→ EXERCISE AIM
Every line from the one containing "unnamed: D9.2 (A), SW9.2" to the one containing "unnamed: D70.2 (A), SW70.2" in the records below, both included, must be set down exactly, and no other line.

(Data items)
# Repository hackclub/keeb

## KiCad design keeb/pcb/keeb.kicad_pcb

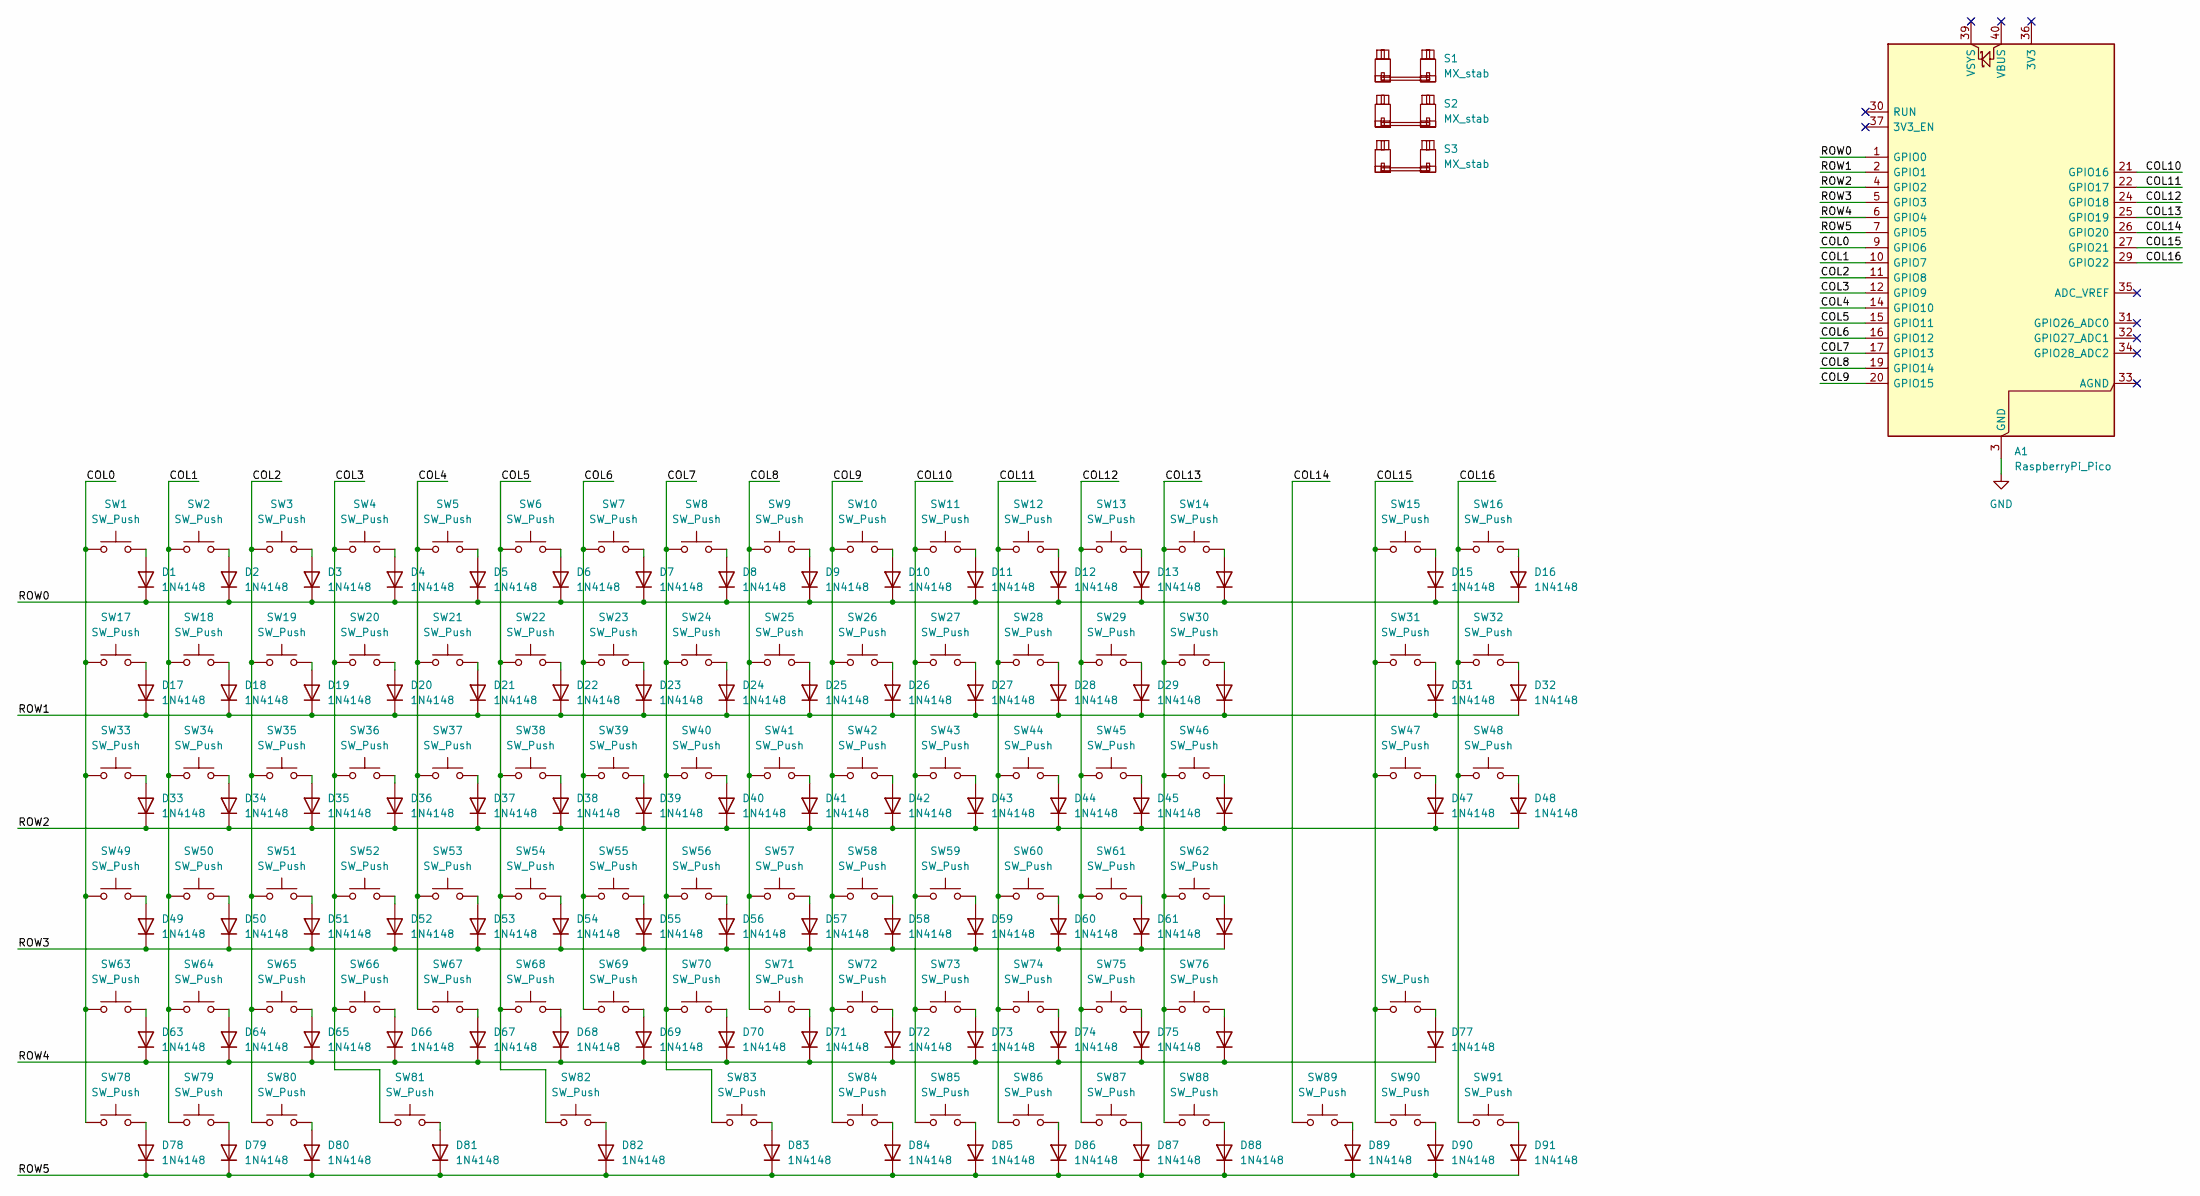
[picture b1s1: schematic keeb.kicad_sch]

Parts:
A1: RaspberryPi_Pico; RaspberryPi_Pico_Common_SMD
D1, D2, D3, D4, D5, D6, D7, D8, D9, D10, D11, D12, D13, D14, D15, D16, D17, D18, D19, D20, D21, D22, D23, D24, D25, D26, D27, D28, D29, D30, D31, D32, D33, D34, D35, D36, D37, D38, D39, D40, D41, D42, D43, D44, D45, D46, D47, D48, D49, D50, D51, D52, D53, D54, D55, D56, D57, D58, D59, D60, D61, D62, D63, D64, D65, D66, D67, D68, D69, D70, D71, D72, D73, D74, D75, D76, D77, D78, D79, D80, D81, D82, D83, D84, D85, D86, D87, D88, D89, D90, D91: 1N4148; D_DO-35_SOD27_P7.62mm_Horizontal
S1, S2, S3: MX_stab; STAB_MX_2u
SW1, SW2, SW3, SW4, SW5, SW6, SW7, SW8, SW9, SW10, SW11, SW12, SW13, SW14, SW15, SW16, SW17, SW18, SW19, SW20, SW21, SW22, SW23, SW24, SW25, SW26, SW27, SW28, SW29, SW30, SW31, SW32, SW33, SW34, SW35, SW36, SW37, SW38, SW39, SW40, SW41, SW42, SW43, SW44, SW45, SW46, SW47, SW48, SW49, SW50, SW51, SW52, SW53, SW54, SW55, SW56, SW57, SW58, SW59, SW60, SW61, SW62, SW63, SW64, SW65, SW66, SW67, SW68, SW69, SW70, SW71, SW72, SW73, SW74, SW75, SW76, SW77, SW78, SW79, SW80, SW81, SW82, SW83, SW84, SW85, SW86, SW87, SW88, SW89, SW90, SW91: SW_Push; SW_MX_1u

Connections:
/COL0: A1.9 (GPIO6), SW1.1, SW17.1, SW33.1, SW49.1, SW63.1, SW78.1
/COL1: A1.10 (GPIO7), SW2.1, SW18.1, SW34.1, SW50.1, SW64.1, SW79.1
/COL2: A1.11 (GPIO8), SW3.1, SW19.1, SW35.1, SW51.1, SW65.1, SW80.1
/COL3: A1.12 (GPIO9), SW4.1, SW20.1, SW36.1, SW52.1, SW66.1, SW81.1
/COL4: A1.14 (GPIO10), SW5.1, SW21.1, SW37.1, SW53.1, SW67.1
/COL5: A1.15 (GPIO11), SW6.1, SW22.1, SW38.1, SW54.1, SW68.1, SW82.1
/COL6: A1.16 (GPIO12), SW7.1, SW23.1, SW39.1, SW55.1, SW69.1
/COL7: A1.17 (GPIO13), SW8.1, SW24.1, SW40.1, SW56.1, SW70.1, SW83.1
/COL8: A1.19 (GPIO14), SW9.1, SW25.1, SW41.1, SW57.1, SW71.1
/COL9: A1.20 (GPIO15), SW10.1, SW26.1, SW42.1, SW58.1, SW72.1, SW84.1
/COL10: A1.21 (GPIO16), SW11.1, SW27.1, SW43.1, SW59.1, SW73.1, SW85.1
/COL11: A1.22 (GPIO17), SW12.1, SW28.1, SW44.1, SW60.1, SW74.1, SW86.1
/COL12: A1.24 (GPIO18), SW13.1, SW29.1, SW45.1, SW61.1, SW75.1, SW87.1
/COL13: A1.25 (GPIO19), SW14.1, SW30.1, SW46.1, SW62.1, SW76.1, SW88.1
/COL14: A1.26 (GPIO20), SW89.1
/COL15: A1.27 (GPIO21), SW15.1, SW31.1, SW47.1, SW77.1, SW90.1
/COL16: A1.29 (GPIO22), SW16.1, SW32.1, SW48.1, SW91.1
/ROW0: A1.1 (GPIO0), D1.1 (K), D2.1 (K), D3.1 (K), D4.1 (K), D5.1 (K), D6.1 (K), D7.1 (K), D8.1 (K), D9.1 (K), D10.1 (K), D11.1 (K), D12.1 (K), D13.1 (K), D14.1 (K), D15.1 (K), D16.1 (K)
/ROW1: A1.2 (GPIO1), D17.1 (K), D18.1 (K), D19.1 (K), D20.1 (K), D21.1 (K), D22.1 (K), D23.1 (K), D24.1 (K), D25.1 (K), D26.1 (K), D27.1 (K), D28.1 (K), D29.1 (K), D30.1 (K), D31.1 (K), D32.1 (K)
/ROW2: A1.4 (GPIO2), D33.1 (K), D34.1 (K), D35.1 (K), D36.1 (K), D37.1 (K), D38.1 (K), D39.1 (K), D40.1 (K), D41.1 (K), D42.1 (K), D43.1 (K), D44.1 (K), D45.1 (K), D46.1 (K), D47.1 (K), D48.1 (K)
/ROW3: A1.5 (GPIO3), D49.1 (K), D50.1 (K), D51.1 (K), D52.1 (K), D53.1 (K), D54.1 (K), D55.1 (K), D56.1 (K), D57.1 (K), D58.1 (K), D59.1 (K), D60.1 (K), D61.1 (K), D62.1 (K)
/ROW4: A1.6 (GPIO4), D63.1 (K), D64.1 (K), D65.1 (K), D66.1 (K), D67.1 (K), D68.1 (K), D69.1 (K), D70.1 (K), D71.1 (K), D72.1 (K), D73.1 (K), D74.1 (K), D75.1 (K), D76.1 (K), D77.1 (K)
/ROW5: A1.7 (GPIO5), D78.1 (K), D79.1 (K), D80.1 (K), D81.1 (K), D82.1 (K), D83.1 (K), D84.1 (K), D85.1 (K), D86.1 (K), D87.1 (K), D88.1 (K), D89.1 (K), D90.1 (K), D91.1 (K)
GND: A1.3 (GND), A1.8 (GND), A1.13 (GND), A1.18 (GND), A1.23 (GND), A1.28 (GND), A1.38 (GND)
unnamed: D1.2 (A), SW1.2
unnamed: D2.2 (A), SW2.2
unnamed: D3.2 (A), SW3.2
unnamed: D4.2 (A), SW4.2
unnamed: D5.2 (A), SW5.2
unnamed: D6.2 (A), SW6.2
unnamed: D7.2 (A), SW7.2
unnamed: D8.2 (A), SW8.2
unnamed: D9.2 (A), SW9.2
unnamed: D10.2 (A), SW10.2
unnamed: D11.2 (A), SW11.2
unnamed: D12.2 (A), SW12.2
unnamed: D13.2 (A), SW13.2
unnamed: D14.2 (A), SW14.2
unnamed: D15.2 (A), SW15.2
unnamed: D16.2 (A), SW16.2
unnamed: D17.2 (A), SW17.2
unnamed: D18.2 (A), SW18.2
unnamed: D19.2 (A), SW19.2
unnamed: D20.2 (A), SW20.2
unnamed: D21.2 (A), SW21.2
unnamed: D22.2 (A), SW22.2
unnamed: D23.2 (A), SW23.2
unnamed: D24.2 (A), SW24.2
unnamed: D25.2 (A), SW25.2
unnamed: D26.2 (A), SW26.2
unnamed: D27.2 (A), SW27.2
unnamed: D28.2 (A), SW28.2
unnamed: D29.2 (A), SW29.2
unnamed: D30.2 (A), SW30.2
unnamed: D31.2 (A), SW31.2
unnamed: D32.2 (A), SW32.2
unnamed: D33.2 (A), SW33.2
unnamed: D34.2 (A), SW34.2
unnamed: D35.2 (A), SW35.2
unnamed: D36.2 (A), SW36.2
unnamed: D37.2 (A), SW37.2
unnamed: D38.2 (A), SW38.2
unnamed: D39.2 (A), SW39.2
unnamed: D40.2 (A), SW40.2
unnamed: D41.2 (A), SW41.2
unnamed: D42.2 (A), SW42.2
unnamed: D43.2 (A), SW43.2
unnamed: D44.2 (A), SW44.2
unnamed: D45.2 (A), SW45.2
unnamed: D46.2 (A), SW46.2
unnamed: D47.2 (A), SW47.2
unnamed: D48.2 (A), SW48.2
unnamed: D49.2 (A), SW49.2
unnamed: D50.2 (A), SW50.2
unnamed: D51.2 (A), SW51.2
unnamed: D52.2 (A), SW52.2
unnamed: D53.2 (A), SW53.2
unnamed: D54.2 (A), SW54.2
unnamed: D55.2 (A), SW55.2
unnamed: D56.2 (A), SW56.2
unnamed: D57.2 (A), SW57.2
unnamed: D58.2 (A), SW58.2
unnamed: D59.2 (A), SW59.2
unnamed: D60.2 (A), SW60.2
unnamed: D61.2 (A), SW61.2
unnamed: D62.2 (A), SW62.2
unnamed: D63.2 (A), SW63.2
unnamed: D64.2 (A), SW64.2
unnamed: D65.2 (A), SW65.2
unnamed: D66.2 (A), SW66.2
unnamed: D67.2 (A), SW67.2
unnamed: D68.2 (A), SW68.2
unnamed: D69.2 (A), SW69.2
unnamed: D70.2 (A), SW70.2
unnamed: D71.2 (A), SW71.2
unnamed: D72.2 (A), SW72.2
unnamed: D73.2 (A), SW73.2
unnamed: D74.2 (A), SW74.2
unnamed: D75.2 (A), SW75.2
unnamed: D76.2 (A), SW76.2
unnamed: D77.2 (A), SW77.2
unnamed: D78.2 (A), SW78.2
unnamed: D79.2 (A), SW79.2
unnamed: D80.2 (A), SW80.2
unnamed: D81.2 (A), SW81.2
unnamed: D82.2 (A), SW82.2
unnamed: D83.2 (A), SW83.2
unnamed: D84.2 (A), SW84.2
unnamed: D85.2 (A), SW85.2
unnamed: D86.2 (A), SW86.2
unnamed: D87.2 (A), SW87.2
unnamed: D88.2 (A), SW88.2
unnamed: D89.2 (A), SW89.2
unnamed: D90.2 (A), SW90.2
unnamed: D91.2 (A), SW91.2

→ SOLVED EXERCISE
unnamed: D9.2 (A), SW9.2
unnamed: D10.2 (A), SW10.2
unnamed: D11.2 (A), SW11.2
unnamed: D12.2 (A), SW12.2
unnamed: D13.2 (A), SW13.2
unnamed: D14.2 (A), SW14.2
unnamed: D15.2 (A), SW15.2
unnamed: D16.2 (A), SW16.2
unnamed: D17.2 (A), SW17.2
unnamed: D18.2 (A), SW18.2
unnamed: D19.2 (A), SW19.2
unnamed: D20.2 (A), SW20.2
unnamed: D21.2 (A), SW21.2
unnamed: D22.2 (A), SW22.2
unnamed: D23.2 (A), SW23.2
unnamed: D24.2 (A), SW24.2
unnamed: D25.2 (A), SW25.2
unnamed: D26.2 (A), SW26.2
unnamed: D27.2 (A), SW27.2
unnamed: D28.2 (A), SW28.2
unnamed: D29.2 (A), SW29.2
unnamed: D30.2 (A), SW30.2
unnamed: D31.2 (A), SW31.2
unnamed: D32.2 (A), SW32.2
unnamed: D33.2 (A), SW33.2
unnamed: D34.2 (A), SW34.2
unnamed: D35.2 (A), SW35.2
unnamed: D36.2 (A), SW36.2
unnamed: D37.2 (A), SW37.2
unnamed: D38.2 (A), SW38.2
unnamed: D39.2 (A), SW39.2
unnamed: D40.2 (A), SW40.2
unnamed: D41.2 (A), SW41.2
unnamed: D42.2 (A), SW42.2
unnamed: D43.2 (A), SW43.2
unnamed: D44.2 (A), SW44.2
unnamed: D45.2 (A), SW45.2
unnamed: D46.2 (A), SW46.2
unnamed: D47.2 (A), SW47.2
unnamed: D48.2 (A), SW48.2
unnamed: D49.2 (A), SW49.2
unnamed: D50.2 (A), SW50.2
unnamed: D51.2 (A), SW51.2
unnamed: D52.2 (A), SW52.2
unnamed: D53.2 (A), SW53.2
unnamed: D54.2 (A), SW54.2
unnamed: D55.2 (A), SW55.2
unnamed: D56.2 (A), SW56.2
unnamed: D57.2 (A), SW57.2
unnamed: D58.2 (A), SW58.2
unnamed: D59.2 (A), SW59.2
unnamed: D60.2 (A), SW60.2
unnamed: D61.2 (A), SW61.2
unnamed: D62.2 (A), SW62.2
unnamed: D63.2 (A), SW63.2
unnamed: D64.2 (A), SW64.2
unnamed: D65.2 (A), SW65.2
unnamed: D66.2 (A), SW66.2
unnamed: D67.2 (A), SW67.2
unnamed: D68.2 (A), SW68.2
unnamed: D69.2 (A), SW69.2
unnamed: D70.2 (A), SW70.2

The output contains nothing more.